Example of two prime ideals whose intersection of the squares not equal to the square of the intersection
Solution 1:
What about the following: Let $R$ be the ring $k[x,y]/(x^2y-y^2x)$. Let us take $\mathfrak p=(x)$ and $\mathfrak q=(y)$. These are prime ideals. Furthermore $\mathfrak p\cap \mathfrak q=(xy)$, so $(\mathfrak p\cap \mathfrak q)^2=(x^2y^2)$. But, $x^2y=y^2x\in \mathfrak p^2\cap \mathfrak q^2.$
Edit.
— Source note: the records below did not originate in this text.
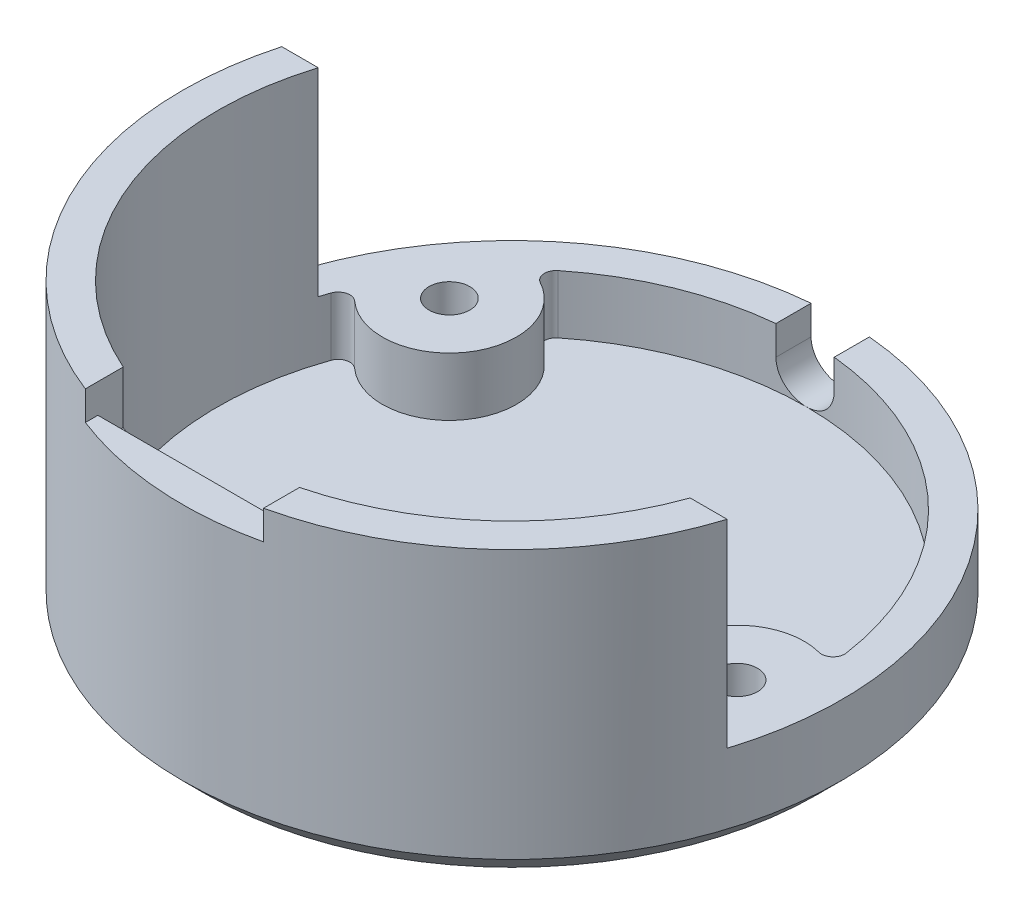
from build123d import *

# Parameters (mm, degrees)
SKETCH1_R           = 28.25
BOSS_EXTRUDE1_DEPTH = 25
SHELL1_T            = -3
CUT_EXTRUDE1_DEPTH  = 17
SKETCH3_W           = 16.5
SKETCH3_H           = 5.174038482
CUT_EXTRUDE2_DEPTH  = 2.5
CUT_EXTRUDE3_DEPTH  = 48.128812843
SKETCH6_R           = 3.25
CUT_EXTRUDE4_DEPTH  = 46.608387559
SKETCH7_R           = 5.75
SKETCH7_R_2         = 1.75
BOSS_EXTRUDE2_DEPTH = 5
FILLET1_R           = 1
CHAMFER1_SIZE       = 2
SKETCH8_W           = 16.5
SKETCH8_H           = 2.174038482
CUT_EXTRUDE5_DEPTH  = 2


with BuildPart() as part:
    # Sketch1 → Boss-Extrude1 (new body)
    with BuildSketch(Plane(origin=(0, 0, 0), x_dir=(1, 0, 0), z_dir=(0, 1, 0))):
        with Locations(Location((0, 0, 0), (0, 0, 270))):
            Circle(SKETCH1_R)
    extrude(amount=BOSS_EXTRUDE1_DEPTH)

    # Shell1
    shell1_openings = [part.faces().sort_by_distance(p)[0] for p in [
        (0, 25, 0),
    ]]
    offset(amount=SHELL1_T, openings=shell1_openings, kind=Kind.INTERSECTION)

    # Sketch2 → Cut-Extrude1 (cut)
    with BuildSketch(Plane(origin=(0, 25, 0), x_dir=(1, 0, 0), z_dir=(0, 1, 0))):
        Polygon((0, 7.5), (-28.25, 7.5), (-28.25, 28.25), (28.25, 28.25), (28.25, -8.5), (0, -8.5), align=None)
    extrude(amount=-CUT_EXTRUDE1_DEPTH, mode=Mode.SUBTRACT)

    # Sketch3 → Cut-Extrude2 (cut)
    with BuildSketch(Plane(origin=(0, 25, 0), x_dir=(1, 0, 0), z_dir=(0, 1, 0))):
        with Locations((-2, -25.662980759)):
            Rectangle(SKETCH3_W, SKETCH3_H)
    extrude(amount=-CUT_EXTRUDE2_DEPTH, mode=Mode.SUBTRACT)

    # Sketch5 → Cut-Extrude3 (cut, through all)
    with BuildSketch(Plane.XY):
        with BuildLine():
            Line((2.5, 8), (2.5, 5.5))
            ThreePointArc((2.5, 5.5), (1.767766953, 3.732233047), (0, 3))
            ThreePointArc((0, 3), (-1.767766953, 3.732233047), (-2.5, 5.5))
            Line((-2.5, 5.5), (-2.5, 8))
            Line((-2.5, 8), (2.5, 8))
        make_face()
    extrude(amount=-CUT_EXTRUDE3_DEPTH, mode=Mode.SUBTRACT)

    # Sketch6 → Cut-Extrude4 (cut, through all)
    with BuildSketch(Plane(origin=(0, 3, 0), x_dir=(1, 0, 0), z_dir=(0, 1, 0))):
        with Locations(Location((-18.364367672, 13, 0), (0, 0, 270))):
            Circle(SKETCH6_R)
        with Locations(Location((22.299103121, -3, 0), (0, 0, 270))):
            Circle(SKETCH6_R)
    extrude(amount=-CUT_EXTRUDE4_DEPTH, mode=Mode.SUBTRACT)

    # Sketch7 → Boss-Extrude2 (add)
    # profile 1 of 2: a face of its own
    with BuildSketch(Plane(origin=(0, 3, 0), x_dir=(1, 0, 0), z_dir=(0, 1, 0))):
        with Locations((-18.364367672, 13)):
            Circle(SKETCH7_R)
        with Locations(Location((-18.364367672, 13, 0), (0, 0, 90))):
            Circle(SKETCH7_R_2, mode=Mode.SUBTRACT)
    # profile 2 of 2: a face of its own
    with BuildSketch(Plane(origin=(0, 3, 0), x_dir=(1, 0, 0), z_dir=(0, 1, 0))):
        with Locations((22.299103121, -3)):
            Circle(SKETCH7_R)
        with Locations(Location((22.299103121, -3, 0), (0, 0, 90))):
            Circle(SKETCH7_R_2, mode=Mode.SUBTRACT)
    extrude(amount=BOSS_EXTRUDE2_DEPTH)

    # Fillet1
    fillet1_edges = [part.edges().sort_by_distance(p)[0] for p in [
        (-23.219797584, 5.5, -9.919853839),
        (-17.072985413, 5.5, -18.603109124),
        (23.753694458, 5.5, 8.56297259),
        (25.172189575, 5.5, -1.980750368),
    ]]
    fillet(fillet1_edges, radius=FILLET1_R)

    # Chamfer1
    chamfer1_edges = [part.edges().sort_by_distance(p)[0] for p in [
        (0, 0, -28.25),
    ]]
    chamfer(chamfer1_edges, length=CHAMFER1_SIZE)

    # Sketch8 → Cut-Extrude5 (cut)
    with BuildSketch(Plane(origin=(0, 22.5, 0), x_dir=(1, 0, 0), z_dir=(0, 1, 0))):
        with Locations((-2, -24.162980759)):
            Rectangle(SKETCH8_W, SKETCH8_H)
    extrude(amount=-CUT_EXTRUDE5_DEPTH, mode=Mode.SUBTRACT)


solid = part.part

The same idea works for integral domains. Let $R=k[x,y,u,v]/(x^2y-u^2v)$. Then take $\mathfrak p=(x,v)$ and $\mathfrak q=(y,u)$, these are prime ideals. Then $\mathfrak p\cap \mathfrak q=(xy,xu,vy,vu)$, so $(\mathfrak p\cap \mathfrak q)^2$ is generated by elements of degree $4$. But $x^2y=u^2v$ is in $\mathfrak p^2\cap \mathfrak q^2$.
Solution 2:
How about $R=k[x,y,u,v]/(xy-uv)$. Let $I=(x,y)$, $J=(u,v)$. Clearly $xy=uv\in I^2\cap J^2$, but $xy\notin (I\cap J)^2$.
Edit. Let $R=k[x,y,u,v,a,b,c,d]/(xy+uv-ab-cd)$, $\mathfrak p=(x,y,u,v)$, $\mathfrak q=(a,b,c,d)$. Clearly $t:=xy+uv=ab+cd\in\mathfrak p^2\cap\mathfrak q^2$, but $t\notin (\mathfrak p\cap\mathfrak q)^2$.